Please tick the option to publish the reviews/revisions with the paper! This paper is a great example of where open review has worked nicely. The MS will be augmented by the publication of the review process so anyone can see. But of course this is your decision in the end. I wish to thank the 2 reviewers for being non-anonymous, though.
I am very pleased to report that both reviewers have done open reviews (please use the option to publish the reviews with your paper!) and they are positive, so we can provisionally accept the paper as long as minor revisions are finished. Send back a revised MS and I will check it to ensure these are satisfactory-- I think all the suggestions are very reasonable and achievable.
It is extremely important to make the data for this study available (I recommend Figshare or Dryad) to maximize the openness of the study, in the spirit of PeerJ. However, minimally I ask that a clear statement of how to obtain the data is made. "Data can be obtained from the author on request" is common but this is not truly open science. Regardless, I leave this decision to the author, as practice within the field currently varies.
The article meets reporting standards.
The MS is interesting and clearly written. I am not a fluid dynamicist, but the methodology is clear and seems technically sound. Briefly, instantaneous local circulation follows from the Kutta-Joukowski theorem, using local lift, from blade element theory. The circulation is used to calculate local induced velocity using the Biot-Savart law. The local flow velocity, following from the free stream and induced velocity, is then integrated to obtain local flow geometries.
The manuscript introduces a free-wake method to model time-varyingly the wake geometry of simulated pigeon cruising flight. The free-wake method, which does not require resolving the entire flow field, is applied to simulated retractable, jointed flapping wings, and is evaluated for sets of wake parameters. The conclusions are appropriate and supported by the results.
What follows are some minor comments:
1) For a general journal it may help to define 'numerical convergence', to avoid a potential misunderstanding that the model and actual pigeon wakes are shown to converge.
2) Abstract, line 4: “The free-wake model is robust in simulating a range of wing geometries and dynamics …”. Unclear. Simulating wake geometries for a range of wing geometries and dynamics?
3) Page 3, line 50: Please define "transverse" (i.e. specify whether wrt wing chord or span)
4) Page 4, line 70: Please provide a reference for blade-element theory.

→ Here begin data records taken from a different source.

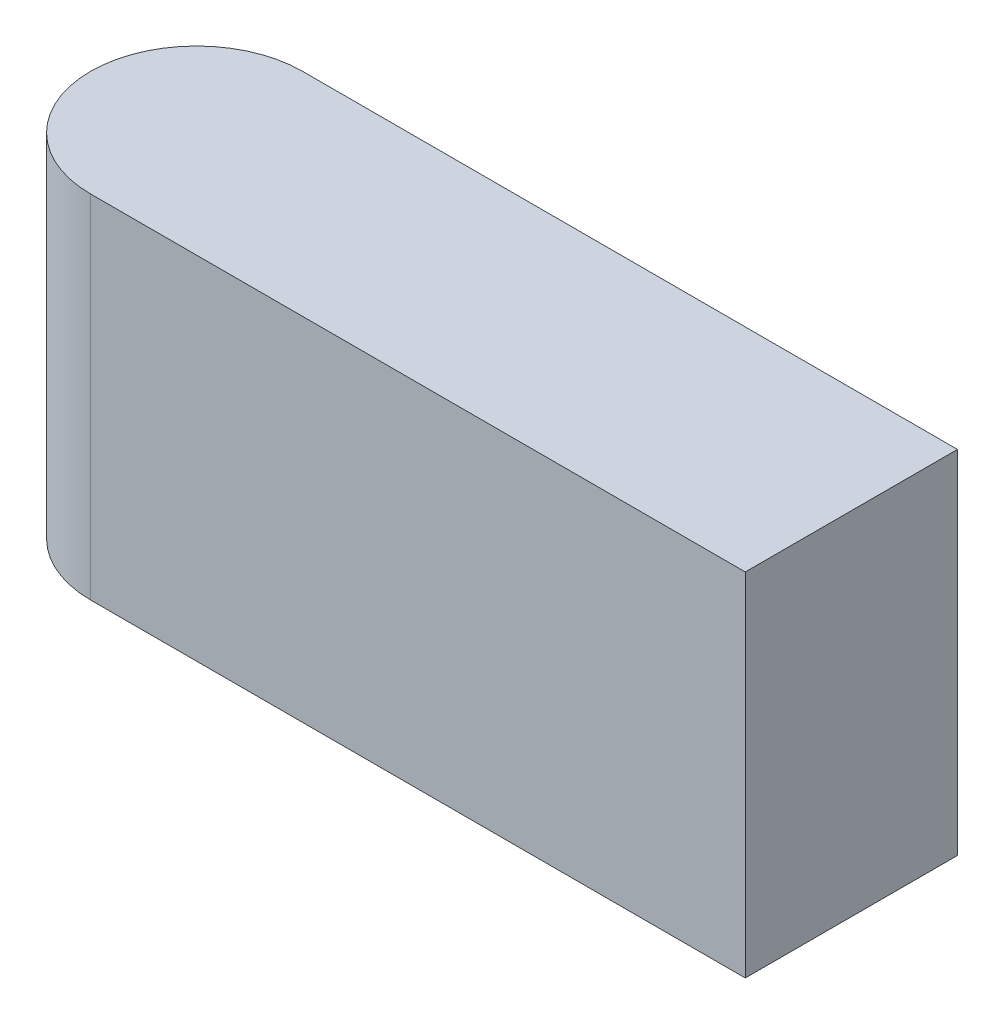
SolidWorks part; units mm, degrees
material "Copper"
ref_plane "Front Plane" through (0, 0, 0) normal (0, 0, 1) x (1, 0, 0)
ref_plane "Top Plane" through (0, 0, 0) normal (0, 1, 0) x (1, 0, 0)
ref_plane "Right Plane" through (0, 0, 0) normal (1, 0, 0) x (0, 0, -1)
sketch "Sketch1" plane through (0, 0, 0) normal (0, 1, 0) x (1, 0, 0)
  line L1 (0, 0) -> (54, 0)
  line L3 (0, 17.5) -> (54, 17.5)
  line L4 (54, 0) -> (54, 17.5)
  arc A0 (0, 0) -> (0, 17.5) centre (0, 8.75) cw
  point P6 (0, 8.75)
  point P7 (-0.533, 17.5)
  dimension "D1" = 54
  dimension "D2" = 17.5
extrude "Boss-Extrude1" add sketch "Sketch1" along normal blind 29

5) In your limitations, please also address effects of the absence of unsteady aerodynamic forces in your model ( e.g. acceleration reaction forces)
6) Since computational speed is one of the advantages of the model, can you provide a relative quantification of the computational load?
7) Are empirical data available to which your results can be compared (e.g. wake PIV measurements)? If not, please mention. If so, how do the results compare?
8) Page 6, line 109 what was the modeled flight speed (pigeon min power cruising flight) and Re?
This is a well-written manuscript with a clear motivation and set in good context within the field.
The five figures augment the text and are both informative and attractive.
Some references to prior literature could be added:
L12 References 6-8 are rather limited and unbalanced. Others could be added - e.g. Ellington, C. P. The aerodynamics of hovering insect flight. V. A vortex theory. Phil. Trans. R. Soc. Lond. B 305, 115-144 (1984).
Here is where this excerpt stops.